The big increase in clients seeking services for financial reasons came in the aftermath of the economy’s dramatic plunge three years ago, social service directors say. Around that time, local agencies were hit with a wave of Jewish clients seeking their services for financial reasons. In the past week, Fedder said, she noted an increase in calls from individuals seeking help for financial problems, and all directors interviewed noted an increase in anxiety.

Faith O’Connor, information, referral, aid and advocacy coordinator for JFS of Bergen and North Hudson, said, “The anxiety levels and depression levels are skyrocketing.”

“It’s been ongoing, but more so in the last six months,” she added. “‘Til then, people were getting unemployment benefits. Now that’s run out and it’s ‘What do I do?’ People are going to the board of social services for food stamps who never in their lives thought they’d need that kind of help. There is high demand on whatever small help exists for rent assistance and utility assistance.”

Other agency directors reinforced this picture of client anxiety.

“There’s a lot of uncertainty [among clients] around what is going to happen regarding possible entitlement reductions,” said Reuben Rotman, executive director of Jewish Family Service of MetroWest in Florham Park serving Essex, Morris, North Union, and Lower Hudson counties. “Things are so up in the air politically [and] people can’t even contemplate what that will mean.”

Fedder said, “In the last month, as the budget discussion became so public, no one knew what would happen with benefits and entitlements.”

There “was genuine anxiety,” she said, over such issues as “whether Social Security checks would go out.”

While she noted that the greatest increase in calls for help from clients with financial issues started in the summer of 2008, Fedder said last week that she saw a slight increase in such calls.

“Three years ago, we got 130 to 150 calls a month around financial issues,” she said. “Then by early 2009, we were getting 230, 240 a month, then 250 a month, which was a huge increase.”

That trend has continued for approximately three years, said Fedder, who added that “last week alone, we got 60 calls” related to financial issues, which could reflect a slight, if not statistically significant, increase. She said she noted an increase in anxiety among clients that she speculated might stem from the frenzied stock market fluctuations.
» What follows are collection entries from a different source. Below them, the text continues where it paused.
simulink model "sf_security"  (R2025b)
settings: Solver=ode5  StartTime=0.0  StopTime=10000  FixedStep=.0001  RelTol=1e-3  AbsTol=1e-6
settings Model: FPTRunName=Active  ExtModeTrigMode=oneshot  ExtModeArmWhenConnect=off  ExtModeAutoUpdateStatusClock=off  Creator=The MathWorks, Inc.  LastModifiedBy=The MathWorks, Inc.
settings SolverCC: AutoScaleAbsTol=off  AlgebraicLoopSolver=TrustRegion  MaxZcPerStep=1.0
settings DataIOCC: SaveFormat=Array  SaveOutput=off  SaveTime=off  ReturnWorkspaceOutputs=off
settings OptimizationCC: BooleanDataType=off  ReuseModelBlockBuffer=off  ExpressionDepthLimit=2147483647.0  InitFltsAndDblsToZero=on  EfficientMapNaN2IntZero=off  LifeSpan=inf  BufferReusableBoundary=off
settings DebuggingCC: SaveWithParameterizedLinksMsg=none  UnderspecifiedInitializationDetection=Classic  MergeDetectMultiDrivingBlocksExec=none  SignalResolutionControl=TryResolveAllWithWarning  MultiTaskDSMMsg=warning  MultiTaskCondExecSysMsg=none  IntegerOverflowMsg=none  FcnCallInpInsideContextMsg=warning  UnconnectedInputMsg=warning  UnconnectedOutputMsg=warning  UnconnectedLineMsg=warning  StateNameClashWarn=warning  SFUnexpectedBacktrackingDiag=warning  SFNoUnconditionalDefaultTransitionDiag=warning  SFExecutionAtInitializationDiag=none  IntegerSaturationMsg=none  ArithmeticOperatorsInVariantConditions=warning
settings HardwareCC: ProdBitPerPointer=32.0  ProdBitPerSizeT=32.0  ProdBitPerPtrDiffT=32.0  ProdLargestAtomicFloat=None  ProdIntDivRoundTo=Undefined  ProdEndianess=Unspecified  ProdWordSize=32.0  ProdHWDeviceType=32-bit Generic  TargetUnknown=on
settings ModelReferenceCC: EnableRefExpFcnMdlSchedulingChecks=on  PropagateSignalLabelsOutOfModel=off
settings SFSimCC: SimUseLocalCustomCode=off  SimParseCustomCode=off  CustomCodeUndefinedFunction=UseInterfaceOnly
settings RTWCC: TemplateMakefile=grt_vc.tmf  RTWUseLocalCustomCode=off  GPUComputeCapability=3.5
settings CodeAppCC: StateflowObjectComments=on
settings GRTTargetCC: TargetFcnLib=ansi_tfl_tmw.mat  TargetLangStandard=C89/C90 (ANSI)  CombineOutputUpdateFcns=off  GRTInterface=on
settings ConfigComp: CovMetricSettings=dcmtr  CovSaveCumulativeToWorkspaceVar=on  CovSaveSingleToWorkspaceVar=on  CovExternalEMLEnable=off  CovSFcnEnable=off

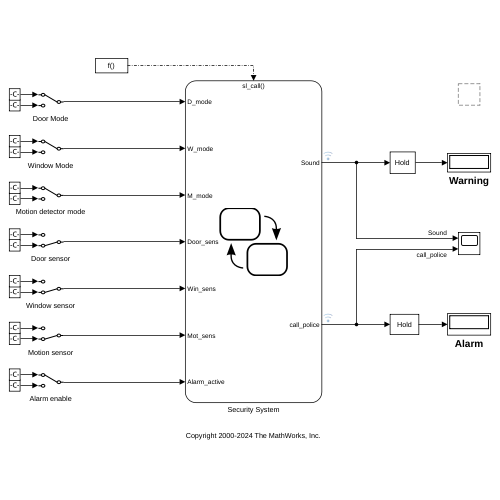
[thumbnail: Simulink's stored preview of the top-level diagram]
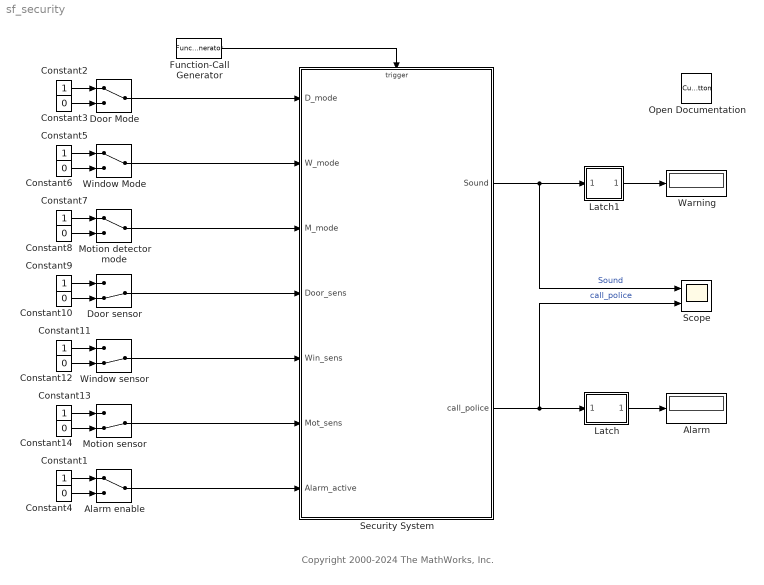
== system sf_security ==
  note: Copyright 2000-2024 The MathWorks, Inc.
  Alarm : Display
  Alarm enable : ManualSwitch
  Constant{1..2,5,7,9,11,13} (7 alike) : Constant  OutDataTypeStr=boolean
  Constant{3..4,6,8,10,12,14} (7 alike) : Constant  Value=0  OutDataTypeStr=boolean
  Door Mode : ManualSwitch
  Door sensor : ManualSwitch  CurrentSetting=0
  Function-Call Generator : FunctionCallGenerator
  Latch : Subsystem
      mask Display: disp('Hold')
  Latch1 : Subsystem
      mask Display: disp('Hold')
  Motion detector mode : ManualSwitch
  Motion sensor : ManualSwitch  CurrentSetting=0
  Open Documentation : CustomCallbackButton  Configuration="{\"components\":[{\"name\":\"BackgroundImageComponent\",\"settings\":{\"image\":{\"size\":[0,0],\"src\":\"default\",\"srcOrientation\":\"Right\"},\"position\":[0,0,1,1]}},{\"name\":\"ButtonStateComponent\",\"settings\":{\"buttonType\":\"momentary\",\"clickFcn\":\"showExample('stateflow\\/EventsGetStartedExample')\",\"onValue\":1,\"position\":[0,0,1,1],\"pressDelay\":\"500\",\"pressFcn\":\"\",\"repeatInterval\":\"0\",\"states\":[{\"horizontalAlignment\":\"center\",\"image\":{\"position\":[0,0,1,1],\"size\":[1,1],\"src\":\"default\",\"srcOrientation\":\"Right\"},\"label\":{\"color\":[0.01176470588,0.01176470588,0.01176470588,1],\"icon\":{\"size\":[0,0],\"src\":\"default\",\"srcOrientation\":\"Right\"},\"iconPlacement\":\"left\",\"opacity\":1,\"show\":true,\"text\":{\"content\":\"?\",\"font\":\"Helvetica\"}},\"labelOffset\":[0,0],\"verticalAlignment\":\"middle\"},{\"horizontalAlignment\":\"center\",\"image\":{\"position\":[0,0,1,1],\"size\":[1,1],\"src\":\"default\",\"srcOrientation\":\"Right\"},\"label\":{\"color\":[0.01176470588,0.01176470588,0.01176470588,1],\"icon\":{\"size\":[0,0],\"src\":\"default\",\"srcOrientation\":\"Right\"},\"iconPlacement\":\"left\",\"opacity\":1,\"show\":true,\"text\":{\"content\":\"?\",\"font\":\"Helvetica\"}},\"labelOffset\":[0,0],\"verticalAlignment\":\"middle\"},{\"horizontalAlignment\":\"center\",\"image\":{\"position\":[0,0,1,1],\"size\":[1,1],\"src\":\"default\",\"srcOrientation\":\"Right\"},\"label\":{\"color\":[0.01176470588,0.01176470588,0.01176470588,1],\"icon\":{\"size\":[0,0],\"src\":\"default\",\"srcOrientation\":\"Right\"},\"iconPlacement\":\"left\",\"opacity\":1,\"show\":true,\"text\":{\"content\":\"?\",\"font\":\"Helvetica\"}},\"labelOffset\":[0,0],\"verticalAlignment\":\"middle\"},{\"horizontalAlignment\":\"center\",\"image\":{\"position\":[0,0,1,1],\"size\":[1,1],\"src\":\"default\",\"srcOrientation\":\"Right\"},\"label\":{\"color\":[0.01176470588,0.01176470588,0.01176470588,1],\"icon\":{\"size\":[0,0],\"src\":\"default\",\"srcOrientation\":\"Right\"},\"iconPlacement\":\"left\",\"opacity\":1,\"show\":true,\"text\":{\"content\":\"?\",\"font\":\"Helvetica\"}},\"labelOffset\":[0,0],\"verticalAlignment\":\"middle\"}]}},{\"name\":\"ForegroundImageComponent\",\"settings\":{\"image\":{\"size\":[0,0],\"src\":\"default\",\"srcOrientation\":\"Right\"},\"isForeground\":1,\"position\":[0,0,1,1]}}],\"settings\":{\"BindingType\":\"standalone\",\"backgroundColor\":[244,244,244,1],\"backgroundOffset\":0,\"backgroundOpacity\":1,\"fixedAspectRatio\":\"off\",\"foregroundColor\":[0.01176470588,0.01176470588,0.01176470588,1],\"migratedFromLegacy\":true,\"useBackgroundColor\":true,\"variant\":\"callback\",\"version\":\"R2024b\"},\"type\":\"Button\"}"  CustomBackgroundColor="{\"color\":[0.9568627451,0.9568627451,0.9568627451],\"show\":true}"
  Scope : Scope  NumInputPorts=2
      settings: TimeSpan=100  ActiveDisplayYMinimum=-0.125  ActiveDisplayYMaximum=1.125  YLabel=Sound  DataLoggingSaveFormat=Structure
  Security System : Stateflow chart  TreatAsAtomicUnit=on
  Warning : Display
  Window Mode : ManualSwitch
  Window sensor : ManualSwitch  CurrentSetting=0
  wires:
  Latch/1(Trigger) -> Alarm/1
  Door Mode/1 -> Security System/1(D_mode)
  Window Mode/1 -> Security System/2(W_mode)
  Motion detector mode/1 -> Security System/3(M_mode)
  Alarm enable/1 -> Security System/7(Alarm_active)
  Motion sensor/1 -> Security System/6(Mot_sens)
  Window sensor/1 -> Security System/5(Win_sens)
  Door sensor/1 -> Security System/4(Door_sens)
  Function-Call Generator/1 -> Security System/Trigger
  Latch1/1(Trigger) -> Warning/1
  Security System/2(call_police) -> Scope/2, Latch/1(Reset)  "call_police"
  Security System/1(Sound) -> Scope/1, Latch1/1(Reset)  "Sound"
  Constant4/1 -> Alarm enable/2
  Constant1/1 -> Alarm enable/1
  Constant3/1 -> Door Mode/2
  Constant2/1 -> Door Mode/1
  Constant6/1 -> Window Mode/2
  Constant5/1 -> Window Mode/1
  Constant8/1 -> Motion detector mode/2
  Constant7/1 -> Motion detector mode/1
  Constant10/1 -> Door sensor/2
  Constant12/1 -> Window sensor/2
  Constant11/1 -> Window sensor/1
  Constant14/1 -> Motion sensor/2
  Constant13/1 -> Motion sensor/1
  Constant9/1 -> Door sensor/1

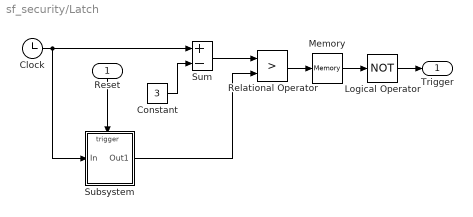
== system sf_security/Latch ==
  Reset : Inport
  Clock : Clock
  Constant : Constant  Value=3
  Logical Operator : Logic  Operator=NOT  Inputs=1
  Memory : Memory  InitialCondition=1
  Relational Operator : RelationalOperator  Operator=>
  Subsystem : Subsystem
  Sum : Sum  Inputs=+-  InputSameDT=on  SaturateOnIntegerOverflow=on  OutDataTypeStr=Inherit: Same as first input
  Trigger : Outport  InitialOutput=0  VectorParamsAs1DForOutWhenUnconnected=off
  wires:
  Clock/1 -> Sum/1, Subsystem/1(In)
  Reset/1 -> Subsystem/Trigger
  Constant/1 -> Sum/2
  Sum/1 -> Relational Operator/1
  Subsystem/1(Out1) -> Relational Operator/2
  Relational Operator/1 -> Memory/1
  Memory/1 -> Logical Operator/1
  Logical Operator/1 -> Trigger/1

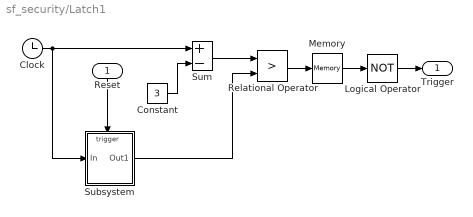
== system sf_security/Latch1 ==
  Reset : Inport
  Clock : Clock
  Constant : Constant  Value=3
  Logical Operator : Logic  Operator=NOT  Inputs=1
  Memory : Memory  InitialCondition=1
  Relational Operator : RelationalOperator  Operator=>
  Subsystem : Subsystem
  Sum : Sum  Inputs=+-  InputSameDT=on  SaturateOnIntegerOverflow=on  OutDataTypeStr=Inherit: Same as first input
  Trigger : Outport  InitialOutput=0  VectorParamsAs1DForOutWhenUnconnected=off
  wires:
  Logical Operator/1 -> Trigger/1
  Memory/1 -> Logical Operator/1
  Relational Operator/1 -> Memory/1
  Subsystem/1(Out1) -> Relational Operator/2
  Sum/1 -> Relational Operator/1
  Constant/1 -> Sum/2
  Reset/1 -> Subsystem/Trigger
  Clock/1 -> Subsystem/1(In), Sum/1

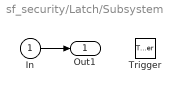
== system sf_security/Latch/Subsystem ==
  In : Inport
  Trigger : TriggerPort  TriggerType=either  VariantControl=Variant
  Out1 : Outport  InitialOutput=-10  VectorParamsAs1DForOutWhenUnconnected=off
  wires:
  In/1 -> Out1/1

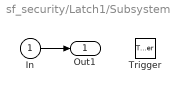
== system sf_security/Latch1/Subsystem ==
  In : Inport
  Trigger : TriggerPort  TriggerType=either  VariantControl=Variant
  Out1 : Outport  InitialOutput=-10  VectorParamsAs1DForOutWhenUnconnected=off
  wires:
  In/1 -> Out1/1

== stateflow chart sf_security/Security System ==
  state Motion [parallel]
    settings: executionOrder=2  description=This state models the modes of a motion detector sensor and implements logic to respond when that sensor is producing a signal.
    state Active
      state Debouncing
      state Idle
      Debouncing -> Debouncing [order 1] : after(delay,sl_call)
          | [in(Alarm.On.Idle)]
          | {send(Alert,Alarm)}
      Debouncing -> Motion.Active.Idle [order 2] : [~Mot_sens]
      Motion.Active.Idle -> Debouncing : [Mot_sens]
    state Disabled
    (default) -> Motion.Active.Idle
      settings: description=On the first sample call the motion sensor mode is set to active, in the idle substate.
    Motion.Disabled -> Motion.Active.Idle : [M_mode==1]
    Motion.Active -> Motion.Disabled : [M_mode==0]
  state Door [parallel]
    settings: executionOrder=1  description=This state models the modes of a door sensor and implements logic to respond when that sensor is producing a signal.
    state Disabled
    state Active
      Door.Active -> (junction 46) [order 1] : [Door_sens && ...
          |  in(Alarm.On.Idle)]
          | {send(Alert,Alarm)}
    Door.Disabled -> Door.Active : [D_mode==1]
    (default) -> Door.Active
      settings: description=On the first sample call the door mode is set to active.
    Door.Active -> Door.Disabled [order 1] : [D_mode==0]
  state Win [parallel]
    settings: executionOrder=3  description=This state models the modes of a window sensor and implements logic to respond when that sensor is producing a signal.
    state Disabled
    state Active
      Win.Active -> (junction 43) [order 1] : [Win_sens && ...
          | in(Alarm.On.Idle)]
          | {send(Alert,Alarm)}
    Win.Disabled -> Win.Active : [W_mode==1]
    (default) -> Win.Active
      settings: description=On the first sample call the window mode is set to active.
    Win.Active -> Win.Disabled [order 1] : [W_mode==0]
  state Alarm [parallel]
    settings: executionOrder=4
    state On
      state Pending
        entry:
        send(Sound)
      state Idle
      (default) -> Alarm.On.Idle
      Alarm.On.Idle -> Pending : Alert
      Pending -> Alarm.On.Idle : after(4*delay,sl_call)
          | {send(call_police)}
    state Off
    (default) -> On
      settings: description=On the first sample call the Alarm is set to active.
    On -> Off : [Alarm_active==0]
    Off -> On : [Alarm_active==1]
  data: D_mode input boolean; W_mode input boolean; M_mode input boolean; Door_sens input boolean; Win_sens input boolean; Mot_sens input boolean; Alarm_active input boolean; delay constant double =20
  events: Sound output EITHER_EDGE_EVENT; call_police output EITHER_EDGE_EVENT; Alert local EITHER_EDGE_EVENT; sl_call input FUNCTION_CALL_EVENT

One trend all directors interviewed noted is growth in poverty among the formerly middle class.

“Three years ago, people who were donors, making contributions of $180 or $360 a year, started coming in, a little regretfully, as clients,” Fedder said. When you think of people in need, she said, you do not think of “the mainstream American family, but we are seeing those families.”

The financial problems these middle class clients are struggling with “are deeper” now that they were three years ago, she said.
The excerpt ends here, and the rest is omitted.